Hi All,

Have been fiddling about with various statistical packages for cluster analysis. Been using SPSS and R namely, and will shortly use Minitab. While I really like SPSS, as I find the Command Line infuriating these days, I was quietly impressed with R. So having got my dataset together, I plugged into

SPSS outputs the clusters in the following way, which is quite neat.

By double clicking on the input boxes one is able to see the distribution of data. From there one can do ones comparisons. SPSS also outputs the cluster number back into the original dataset – like this:

mpg cyl disp hp drat wt qsec vs am gear carbClusterMazda RX4 21.0 6 160.0 110 3.90 2.620 16.46 0 1 4 42

Haven’t been able to display a dendrogram.

R on the other hand requires command line! A great and simple tutorial is here.

For my dataset however it resulted in a dendrogram that looked like this. It’s a little hard to read, lets be honest!

One can fiddle around with the font size, but with this number of rows, one really needs the data in spreadsheet form to see what row belongs to what cluster.

This can be done by using the following commands (with thanks to Chi Yau from http://www.r-tutor.com/

> B <- mtcars[1:10, ]

> x <- hclust(dist(as.matrix(B)))

The cluster tree info is in x$merge:

> x$merge

[,1] [,2]

[1,] -1 -2

[2,] -10 1

[3,] -3 -9

[4,] -4 -6

[5,] -8 3

[6,] 2 5

[7,] -5 -7

[8,] 4 6

[9,] 7 8

The first row of x$merge is (-1, -2).

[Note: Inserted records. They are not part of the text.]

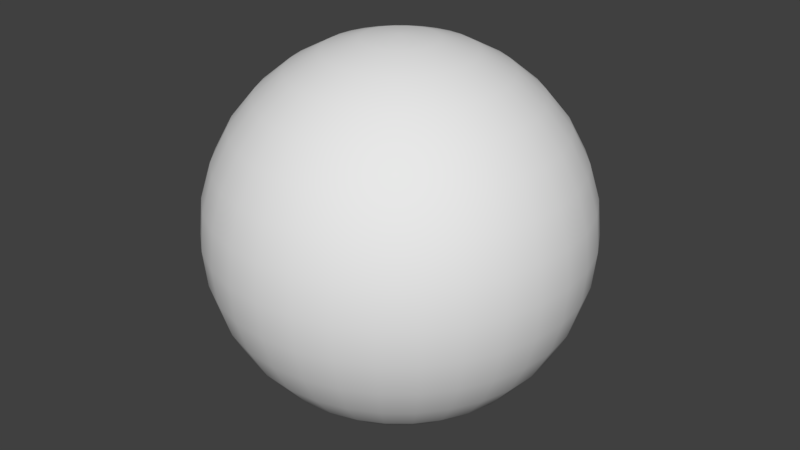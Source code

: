 # Source: bill9.blend  (saved by Blender 2.79.0; exported with 4.5.12 LTS)
import bpy
from mathutils import Matrix  # noqa: F401  (used for matrix-valued properties, if any)

bpy.ops.wm.read_factory_settings(use_empty=True)
scene = bpy.context.scene
scene.name = 'Scene'

# ---- collections
col_collection_1 = bpy.data.collections.new('Collection 1'); scene.collection.children.link(col_collection_1)

# ---- world
world_world = bpy.data.worlds.new('World'); scene.world = world_world
world_world.color = (0.05088, 0.05088, 0.05088)
world_world.use_sun_shadow = False
world_world.sun_shadow_jitter_overblur = 0.0
world_world.cycles.sampling_method = 'MANUAL'

# ---- meshes
me_sphere = bpy.data.meshes.new('Sphere')
me_sphere.from_pydata([(0.03806, 0.1913, 0.9808), (0.07466, 0.3753, 0.9239), (0.1084, 0.5449, 0.8315), (0.1379, 0.6935, 0.7071), (0.1622, 0.8155, 0.5556), (0.1802, 0.9061, 0.3827), (0.1913, 0.9619, 0.1951), (0.1951, 0.9808, 7.55e-08), (0.1913, 0.9619, -0.1951), (0.1802, 0.9061, -0.3827), (0.1622, 0.8155, -0.5556), (0.1379, 0.6935, -0.7071), (0.1084, 0.5449, -0.8315), (0.07466, 0.3753, -0.9239), (0.03806, 0.1913, -0.9808), (0.07466, 0.1802, 0.9808), (0.1464, 0.3536, 0.9239), (0.2126, 0.5133, 0.8315), (0.2706, 0.6533, 0.7071), (0.3182, 0.7682, 0.5556), (0.3536, 0.8536, 0.3827), (0.3753, 0.9061, 0.1951), (0.3827, 0.9239, 7.55e-08), (0.3753, 0.9061, -0.1951), (0.3536, 0.8536, -0.3827), (0.3182, 0.7682, -0.5556), (0.2706, 0.6533, -0.7071), (0.2126, 0.5133, -0.8315), (0.1464, 0.3536, -0.9239), (0.07466, 0.1802, -0.9808), (0.1084, 0.1622, 0.9808), (0.2126, 0.3182, 0.9239), (0.3087, 0.4619, 0.8315), (0.3928, 0.5879, 0.7071), (0.4619, 0.6913, 0.5556), (0.5133, 0.7682, 0.3827), (0.5449, 0.8155, 0.1951), (0.5556, 0.8315, 7.55e-08), (0.5449, 0.8155, -0.1951), (0.5133, 0.7682, -0.3827), (0.4619, 0.6913, -0.5556), (0.3928, 0.5879, -0.7071), (0.3087, 0.4619, -0.8315), (0.2126, 0.3182, -0.9239), (0.1084, 0.1622, -0.9808), (0.1379, 0.1379, 0.9808), (0.2706, 0.2706, 0.9239), (0.3928, 0.3928, 0.8315), (0.5, 0.5, 0.7071), (0.5879, 0.5879, 0.5556), (0.6533, 0.6533, 0.3827), (0.6935, 0.6935, 0.1951), (0.7071, 0.7071, 7.55e-08), (0.6935, 0.6935, -0.1951), (0.6533, 0.6533, -0.3827), (0.5879, 0.5879, -0.5556), (0.5, 0.5, -0.7071), (0.3928, 0.3928, -0.8315), (0.2706, 0.2706, -0.9239), (0.1379, 0.1379, -0.9808), (0.1622, 0.1084, 0.9808), (0.3182, 0.2126, 0.9239), (0.4619, 0.3087, 0.8315), (0.5879, 0.3928, 0.7071), (0.6913, 0.4619, 0.5556), (0.7682, 0.5133, 0.3827), (0.8155, 0.5449, 0.1951), (0.8315, 0.5556, 7.55e-08), (0.8155, 0.5449, -0.1951), (0.7682, 0.5133, -0.3827), (0.6913, 0.4619, -0.5556), (0.5879, 0.3928, -0.7071), (0.4619, 0.3087, -0.8315), (0.3182, 0.2126, -0.9239), (0.1622, 0.1084, -0.9808), (0.0, -3.258e-07, -1.0), (0.1802, 0.07466, 0.9808), (0.3536, 0.1464, 0.9239), (0.5133, 0.2126, 0.8315), (0.6533, 0.2706, 0.7071), (0.7682, 0.3182, 0.5556), (0.8536, 0.3536, 0.3827), (0.9061, 0.3753, 0.1951), (0.9239, 0.3827, 7.55e-08), (0.9061, 0.3753, -0.1951), (0.8536, 0.3536, -0.3827), (0.7682, 0.3182, -0.5556), (0.6533, 0.2706, -0.7071), (0.5133, 0.2126, -0.8315), (0.3536, 0.1464, -0.9239), (0.1802, 0.07466, -0.9808), (0.1913, 0.03806, 0.9808), (0.3753, 0.07466, 0.9239), (0.5449, 0.1084, 0.8315), (0.6935, 0.1379, 0.7071), (0.8155, 0.1622, 0.5556), (0.9061, 0.1802, 0.3827), (0.9619, 0.1913, 0.1951), (0.9808, 0.1951, 7.55e-08), (0.9619, 0.1913, -0.1951), (0.9061, 0.1802, -0.3827), (0.8155, 0.1622, -0.5556), (0.6935, 0.1379, -0.7071), (0.5449, 0.1084, -0.8315), (0.3753, 0.07466, -0.9239), (0.1913, 0.03806, -0.9808), (0.1951, -3.266e-07, 0.9808), (0.3827, -3.192e-07, 0.9239), (0.5556, -3.117e-07, 0.8315), (0.7071, -3.192e-07, 0.7071), (0.8315, -3.341e-07, 0.5556), (0.9239, -2.745e-07, 0.3827), (0.9808, -3.937e-07, 0.1951), (1.0, -3.788e-07, 7.55e-08), (0.9808, -3.937e-07, -0.1951), (0.9239, -2.298e-07, -0.3827), (0.8315, -3.341e-07, -0.5556), (0.7071, -3.192e-07, -0.7071), (0.5556, -3.415e-07, -0.8315), (0.3827, -3.043e-07, -0.9239), (0.1951, -3.08e-07, -0.9808), (0.1913, -0.03806, 0.9808), (0.3753, -0.07466, 0.9239), (0.5449, -0.1084, 0.8315), (0.6935, -0.138, 0.7071), (0.8155, -0.1622, 0.5556), (0.9061, -0.1802, 0.3827), (0.9619, -0.1913, 0.1951), (0.9808, -0.1951, 7.55e-08), (0.9619, -0.1913, -0.1951), (0.9061, -0.1802, -0.3827), (0.8155, -0.1622, -0.5556), (0.6935, -0.138, -0.7071), (0.5449, -0.1084, -0.8315), (0.3753, -0.07466, -0.9239), (0.1913, -0.03806, -0.9808), (0.1802, -0.07466, 0.9808), (0.3536, -0.1464, 0.9239), (0.5133, -0.2126, 0.8315), (0.6533, -0.2706, 0.7071), (0.7682, -0.3182, 0.5556), (0.8536, -0.3536, 0.3827), (0.9061, -0.3753, 0.1951), (0.9239, -0.3827, 7.55e-08), (0.9061, -0.3753, -0.1951), (0.8536, -0.3536, -0.3827), (0.7682, -0.3182, -0.5556), (0.6533, -0.2706, -0.7071), (0.5133, -0.2126, -0.8315), (0.3536, -0.1464, -0.9239), (0.1802, -0.07466, -0.9808), (0.1622, -0.1084, 0.9808), (0.3182, -0.2126, 0.9239), (0.4619, -0.3087, 0.8315), (0.5879, -0.3928, 0.7071), (0.6913, -0.4619, 0.5556), (0.7682, -0.5133, 0.3827), (0.8155, -0.5449, 0.1951), (0.8315, -0.5556, 7.55e-08), (0.8155, -0.5449, -0.1951), (0.7682, -0.5133, -0.3827), (0.6913, -0.4619, -0.5556), (0.5879, -0.3928, -0.7071), (0.4619, -0.3087, -0.8315), (0.3182, -0.2126, -0.9239), (0.1622, -0.1084, -0.9808), (0.1379, -0.138, 0.9808), (0.2706, -0.2706, 0.9239), (0.3928, -0.3928, 0.8315), (0.5, -0.5, 0.7071), (0.5879, -0.5879, 0.5556), (0.6533, -0.6533, 0.3827), (0.6935, -0.6935, 0.1951), (0.7071, -0.7071, 7.55e-08), (0.6935, -0.6935, -0.1951), (0.6533, -0.6533, -0.3827), (0.5879, -0.5879, -0.5556), (0.5, -0.5, -0.7071), (0.3928, -0.3928, -0.8315), (0.2706, -0.2706, -0.9239), (0.1379, -0.138, -0.9808), (0.1084, -0.1622, 0.9808), (0.2126, -0.3182, 0.9239), (0.3087, -0.4619, 0.8315), (0.3928, -0.5879, 0.7071), (0.4619, -0.6913, 0.5556), (0.5133, -0.7682, 0.3827), (0.5449, -0.8155, 0.1951), (0.5556, -0.8315, 7.55e-08), (0.5449, -0.8155, -0.1951), (0.5133, -0.7682, -0.3827), (0.4619, -0.6913, -0.5556), (0.3928, -0.5879, -0.7071), (0.3087, -0.4619, -0.8315), (0.2126, -0.3182, -0.9239), (0.1084, -0.1622, -0.9808), (0.07466, -0.1802, 0.9808), (0.1464, -0.3536, 0.9239), (0.2126, -0.5133, 0.8315), (0.2706, -0.6533, 0.7071), (0.3182, -0.7682, 0.5556), (0.3536, -0.8536, 0.3827), (0.3753, -0.9061, 0.1951), (0.3827, -0.9239, 7.55e-08), (0.3753, -0.9061, -0.1951), (0.3536, -0.8536, -0.3827), (0.3182, -0.7682, -0.5556), (0.2706, -0.6533, -0.7071), (0.2126, -0.5133, -0.8315), (0.1464, -0.3536, -0.9239), (0.07466, -0.1802, -0.9808), (0.03806, -0.1913, 0.9808), (0.07466, -0.3753, 0.9239), (0.1084, -0.5449, 0.8315), (0.1379, -0.6935, 0.7071), (0.1622, -0.8155, 0.5556), (0.1802, -0.9061, 0.3827), (0.1913, -0.9619, 0.1951), (0.1951, -0.9808, 7.55e-08), (0.1913, -0.9619, -0.1951), (0.1802, -0.9061, -0.3827), (0.1622, -0.8155, -0.5556), (0.1379, -0.6935, -0.7071), (0.1084, -0.5449, -0.8315), (0.07466, -0.3753, -0.9239), (0.03806, -0.1913, -0.9808), (-7.212e-09, -0.1951, 0.9808), (4.122e-08, -0.3827, 0.9239), (2.632e-08, -0.5556, 0.8315), (-2.584e-08, -0.7071, 0.7071), (-8.544e-08, -0.8315, 0.5556), (6.357e-08, -0.9239, 0.3827), (-8.544e-08, -0.9808, 0.1951), (-1.003e-07, -1.0, 7.55e-08), (-8.544e-08, -0.9808, -0.1951), (6.357e-08, -0.9239, -0.3827), (-8.544e-08, -0.8315, -0.5556), (-2.584e-08, -0.7071, -0.7071), (-1.094e-08, -0.5556, -0.8315), (3.964e-09, -0.3827, -0.9239), (3.964e-09, -0.1951, -0.9808), (-0.03806, -0.1913, 0.9808), (-0.07466, -0.3753, 0.9239), (-0.1084, -0.5449, 0.8315), (-0.1379, -0.6935, 0.7071), (-0.1622, -0.8155, 0.5556), (-0.1802, -0.9061, 0.3827), (-0.1913, -0.9619, 0.1951), (-0.1951, -0.9808, 7.55e-08), (-0.1913, -0.9619, -0.1951), (-0.1802, -0.9061, -0.3827), (-0.1622, -0.8155, -0.5556), (-0.1379, -0.6935, -0.7071), (-0.1084, -0.5449, -0.8315), (-0.07466, -0.3753, -0.9239), (-0.03806, -0.1913, -0.9808), (-0.07466, -0.1802, 0.9808), (-0.1464, -0.3536, 0.9239), (-0.2126, -0.5133, 0.8315), (-0.2706, -0.6533, 0.7071), (-0.3182, -0.7682, 0.5556), (-0.3536, -0.8536, 0.3827), (-0.3753, -0.9061, 0.1951), (-0.3827, -0.9239, 7.55e-08), (-0.3753, -0.9061, -0.1951), (-0.3536, -0.8536, -0.3827), (-0.3182, -0.7682, -0.5556), (-0.2706, -0.6533, -0.7071), (-0.2126, -0.5133, -0.8315), (-0.1464, -0.3536, -0.9239), (-0.07466, -0.1802, -0.9808), (-1.81e-07, -5.968e-07, 1.0), (-0.1084, -0.1622, 0.9808), (-0.2126, -0.3182, 0.9239), (-0.3087, -0.4619, 0.8315), (-0.3928, -0.5879, 0.7071), (-0.4619, -0.6913, 0.5556), (-0.5133, -0.7682, 0.3827), (-0.5449, -0.8155, 0.1951), (-0.5556, -0.8315, 7.55e-08), (-0.5449, -0.8155, -0.1951), (-0.5133, -0.7682, -0.3827), (-0.4619, -0.6913, -0.5556), (-0.3928, -0.5879, -0.7071), (-0.3087, -0.4619, -0.8315), (-0.2126, -0.3182, -0.9239), (-0.1084, -0.1622, -0.9808), (-0.1379, -0.138, 0.9808), (-0.2706, -0.2706, 0.9239), (-0.3928, -0.3928, 0.8315), (-0.5, -0.5, 0.7071), (-0.5879, -0.5879, 0.5556), (-0.6533, -0.6533, 0.3827), (-0.6935, -0.6935, 0.1951), (-0.7071, -0.7071, 7.55e-08), (-0.6935, -0.6935, -0.1951), (-0.6533, -0.6533, -0.3827), (-0.5879, -0.5879, -0.5556), (-0.5, -0.5, -0.7071), (-0.3928, -0.3928, -0.8315), (-0.2706, -0.2706, -0.9239), (-0.1379, -0.1379, -0.9808), (-0.1622, -0.1084, 0.9808), (-0.3182, -0.2126, 0.9239), (-0.4619, -0.3087, 0.8315), (-0.5879, -0.3928, 0.7071), (-0.6913, -0.4619, 0.5556), (-0.7682, -0.5133, 0.3827), (-0.8155, -0.5449, 0.1951), (-0.8315, -0.5556, 7.55e-08), (-0.8155, -0.5449, -0.1951), (-0.7682, -0.5133, -0.3827), (-0.6913, -0.4619, -0.5556), (-0.5879, -0.3928, -0.7071), (-0.4619, -0.3087, -0.8315), (-0.3182, -0.2126, -0.9239), (-0.1622, -0.1084, -0.9808), (-0.1802, -0.07466, 0.9808), (-0.3536, -0.1464, 0.9239), (-0.5133, -0.2126, 0.8315), (-0.6533, -0.2706, 0.7071), (-0.7682, -0.3182, 0.5556), (-0.8536, -0.3536, 0.3827), (-0.9061, -0.3753, 0.1951), (-0.9239, -0.3827, 7.55e-08), (-0.9061, -0.3753, -0.1951), (-0.8536, -0.3536, -0.3827), (-0.7682, -0.3182, -0.5556), (-0.6533, -0.2706, -0.7071), (-0.5133, -0.2126, -0.8315), (-0.3536, -0.1464, -0.9239), (-0.1802, -0.07466, -0.9808), (-0.1913, -0.03806, 0.9808), (-0.3753, -0.07466, 0.9239), (-0.5449, -0.1084, 0.8315), (-0.6935, -0.1379, 0.7071), (-0.8155, -0.1622, 0.5556), (-0.9061, -0.1802, 0.3827), (-0.9619, -0.1913, 0.1951), (-0.9808, -0.1951, 7.55e-08), (-0.9619, -0.1913, -0.1951), (-0.9061, -0.1802, -0.3827), (-0.8155, -0.1622, -0.5556), (-0.6935, -0.1379, -0.7071), (-0.5449, -0.1084, -0.8315), (-0.3753, -0.07466, -0.9239), (-0.1913, -0.03806, -0.9808), (-0.1951, -3.117e-07, 0.9808), (-0.3827, -2.819e-07, 0.9239), (-0.5556, -2.819e-07, 0.8315), (-0.7071, -1.851e-07, 0.7071), (-0.8315, -1.404e-07, 0.5556), (-0.9239, -3.192e-07, 0.3827), (-0.9808, -9.567e-08, 0.1951), (-1.0, -1.404e-07, 7.55e-08), (-0.9808, -9.567e-08, -0.1951), (-0.9239, -3.192e-07, -0.3827), (-0.8315, -1.404e-07, -0.5556), (-0.7071, -1.851e-07, -0.7071), (-0.5556, -2.596e-07, -0.8315), (-0.3827, -2.521e-07, -0.9239), (-0.1951, -3.155e-07, -0.9808), (-0.1913, 0.03806, 0.9808), (-0.3753, 0.07466, 0.9239), (-0.5449, 0.1084, 0.8315), (-0.6935, 0.1379, 0.7071), (-0.8155, 0.1622, 0.5556), (-0.9061, 0.1802, 0.3827), (-0.9619, 0.1913, 0.1951), (-0.9808, 0.1951, 7.55e-08), (-0.9619, 0.1913, -0.1951), (-0.9061, 0.1802, -0.3827), (-0.8155, 0.1622, -0.5556), (-0.6935, 0.1379, -0.7071), (-0.5449, 0.1084, -0.8315), (-0.3753, 0.07466, -0.9239), (-0.1913, 0.03806, -0.9808), (-0.1802, 0.07466, 0.9808), (-0.3536, 0.1464, 0.9239), (-0.5133, 0.2126, 0.8315), (-0.6533, 0.2706, 0.7071), (-0.7682, 0.3182, 0.5556), (-0.8536, 0.3536, 0.3827), (-0.9061, 0.3753, 0.1951), (-0.9239, 0.3827, 7.55e-08), (-0.9061, 0.3753, -0.1951), (-0.8536, 0.3536, -0.3827), (-0.7682, 0.3182, -0.5556), (-0.6533, 0.2706, -0.7071), (-0.5133, 0.2126, -0.8315), (-0.3536, 0.1464, -0.9239), (-0.1802, 0.07466, -0.9808), (-0.1622, 0.1084, 0.9808), (-0.3182, 0.2126, 0.9239), (-0.4619, 0.3087, 0.8315), (-0.5879, 0.3928, 0.7071), (-0.6913, 0.4619, 0.5556), (-0.7682, 0.5133, 0.3827), (-0.8155, 0.5449, 0.1951), (-0.8315, 0.5556, 7.55e-08), (-0.8155, 0.5449, -0.1951), (-0.7682, 0.5133, -0.3827), (-0.6913, 0.4619, -0.5556), (-0.5879, 0.3928, -0.7071), (-0.4619, 0.3087, -0.8315), (-0.3182, 0.2126, -0.9239), (-0.1622, 0.1084, -0.9808), (-0.1379, 0.1379, 0.9808), (-0.2706, 0.2706, 0.9239), (-0.3928, 0.3928, 0.8315), (-0.5, 0.5, 0.7071), (-0.5879, 0.5879, 0.5556), (-0.6533, 0.6533, 0.3827), (-0.6935, 0.6935, 0.1951), (-0.7071, 0.7071, 7.55e-08), (-0.6935, 0.6935, -0.1951), (-0.6533, 0.6533, -0.3827), (-0.5879, 0.5879, -0.5556), (-0.5, 0.5, -0.7071), (-0.3928, 0.3928, -0.8315), (-0.2706, 0.2706, -0.9239), (-0.1379, 0.1379, -0.9808), (-0.1084, 0.1622, 0.9808), (-0.2126, 0.3182, 0.9239), (-0.3087, 0.4619, 0.8315), (-0.3928, 0.5879, 0.7071), (-0.4619, 0.6913, 0.5556), (-0.5133, 0.7682, 0.3827), (-0.5449, 0.8155, 0.1951), (-0.5556, 0.8315, 7.55e-08), (-0.5449, 0.8155, -0.1951), (-0.5133, 0.7682, -0.3827), (-0.4619, 0.6913, -0.5556), (-0.3928, 0.5879, -0.7071), (-0.3087, 0.4619, -0.8315), (-0.2126, 0.3182, -0.9239), (-0.1084, 0.1622, -0.9808), (-0.07466, 0.1802, 0.9808), (-0.1464, 0.3536, 0.9239), (-0.2126, 0.5133, 0.8315), (-0.2706, 0.6533, 0.7071), (-0.3182, 0.7682, 0.5556), (-0.3536, 0.8536, 0.3827), (-0.3753, 0.9061, 0.1951), (-0.3827, 0.9239, 7.55e-08), (-0.3753, 0.9061, -0.1951), (-0.3536, 0.8536, -0.3827), (-0.3182, 0.7682, -0.5556), (-0.2706, 0.6533, -0.7071), (-0.2126, 0.5133, -0.8315), (-0.1464, 0.3536, -0.9239), (-0.07466, 0.1802, -0.9808), (-0.03806, 0.1913, 0.9808), (-0.07466, 0.3753, 0.9239), (-0.1084, 0.5449, 0.8315), (-0.1379, 0.6935, 0.7071), (-0.1622, 0.8155, 0.5556), (-0.1802, 0.9061, 0.3827), (-0.1913, 0.9619, 0.1951), (-0.1951, 0.9808, 7.55e-08), (-0.1913, 0.9619, -0.1951), (-0.1802, 0.9061, -0.3827), (-0.1622, 0.8155, -0.5556), (-0.1379, 0.6935, -0.7071), (-0.1084, 0.5449, -0.8315), (-0.07466, 0.3753, -0.9239), (-0.03806, 0.1913, -0.9808), (3.749e-08, 0.1951, 0.9808), (7.847e-08, 0.3827, 0.9239), (1.083e-07, 0.5556, 0.8315), (1.53e-07, 0.7071, 0.7071), (2.722e-07, 0.8315, 0.5556), (6.357e-08, 0.9239, 0.3827), (2.573e-07, 0.9808, 0.1951), (2.722e-07, 1.0, 7.55e-08), (2.573e-07, 0.9808, -0.1951), (6.357e-08, 0.9239, -0.3827), (2.722e-07, 0.8315, -0.5556), (1.53e-07, 0.7071, -0.7071), (1.232e-07, 0.5556, -0.8315), (7.847e-08, 0.3827, -0.9239), (1.514e-08, 0.1951, -0.9808)], [], [(467, 271, 0), (75, 481, 14), (475, 474, 7, 8), (468, 467, 0, 1), (476, 475, 8, 9), (469, 468, 1, 2), (477, 476, 9, 10), (470, 469, 2, 3), (478, 477, 10, 11), (471, 470, 3, 4), (479, 478, 11, 12), (472, 471, 4, 5), (480, 479, 12, 13), (473, 472, 5, 6), (481, 480, 13, 14), (474, 473, 6, 7), (6, 5, 20, 21), (14, 13, 28, 29), (7, 6, 21, 22), (0, 271, 15), (75, 14, 29), (8, 7, 22, 23), (1, 0, 15, 16), (9, 8, 23, 24), (2, 1, 16, 17), (10, 9, 24, 25), (3, 2, 17, 18), (11, 10, 25, 26), (4, 3, 18, 19), (12, 11, 26, 27), (5, 4, 19, 20), (13, 12, 27, 28), (25, 24, 39, 40), (18, 17, 32, 33), (26, 25, 40, 41), (19, 18, 33, 34), (27, 26, 41, 42), (20, 19, 34, 35), (28, 27, 42, 43), (21, 20, 35, 36), (29, 28, 43, 44), (22, 21, 36, 37), (15, 271, 30), (75, 29, 44), (23, 22, 37, 38), (16, 15, 30, 31), (24, 23, 38, 39), (17, 16, 31, 32), (44, 43, 58, 59), (37, 36, 51, 52), (30, 271, 45), (75, 44, 59), (38, 37, 52, 53), (31, 30, 45, 46), (39, 38, 53, 54), (32, 31, 46, 47), (40, 39, 54, 55), (33, 32, 47, 48), (41, 40, 55, 56), (34, 33, 48, 49), (42, 41, 56, 57), (35, 34, 49, 50), (43, 42, 57, 58), (36, 35, 50, 51), (56, 55, 70, 71), (49, 48, 63, 64), (57, 56, 71, 72), (50, 49, 64, 65), (58, 57, 72, 73), (51, 50, 65, 66), (59, 58, 73, 74), (52, 51, 66, 67), (45, 271, 60), (75, 59, 74), (53, 52, 67, 68), (46, 45, 60, 61), (54, 53, 68, 69), (47, 46, 61, 62), (55, 54, 69, 70), (48, 47, 62, 63), (60, 271, 76), (75, 74, 90), (68, 67, 83, 84), (61, 60, 76, 77), (69, 68, 84, 85), (62, 61, 77, 78), (70, 69, 85, 86), (63, 62, 78, 79), (71, 70, 86, 87), (64, 63, 79, 80), (72, 71, 87, 88), (65, 64, 80, 81), (73, 72, 88, 89), (66, 65, 81, 82), (74, 73, 89, 90), (67, 66, 82, 83), (80, 79, 94, 95), (88, 87, 102, 103), (81, 80, 95, 96), (89, 88, 103, 104), (82, 81, 96, 97), (90, 89, 104, 105), (83, 82, 97, 98), (76, 271, 91), (75, 90, 105), (84, 83, 98, 99), (77, 76, 91, 92), (85, 84, 99, 100), (78, 77, 92, 93), (86, 85, 100, 101), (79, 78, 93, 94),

It means merging the 1st and 2nd cars of B into a new cluster #1.

The second row of x$merge is (-10, 1). It means merging the 10th cars of B and cluster #1 into a new cluster #2.

The third row of x$merge is (-3, -9). It means merging the 3rd and 9th cars of B into a new cluster #3.

The rest of the table can be interpreted similarly.

Hence to get the cluster information of, say, “Hornet 4 Drive”, which is the 4th car in B:

> cbind(x$labels)

[,1]

[1,] “Mazda RX4”

[2,] “Mazda RX4 Wag”

[3,] “Datsun 710”

[4,] “Hornet 4 Drive”

[5,] “Hornet Sportabout”

[6,] “Valiant”

[7,] “Duster 360”

[8,] “Merc 240D”

[9,] “Merc 230”

[10,] “Merc 280”

We can look up the row in x$merge that contains the member “-4”:

[4,] -4 -6

It tells us that “Hornet 4 Drive” is a member of cluster #4, which contains “Hornet 4 Drive” (-4) and “Valiant” (-6).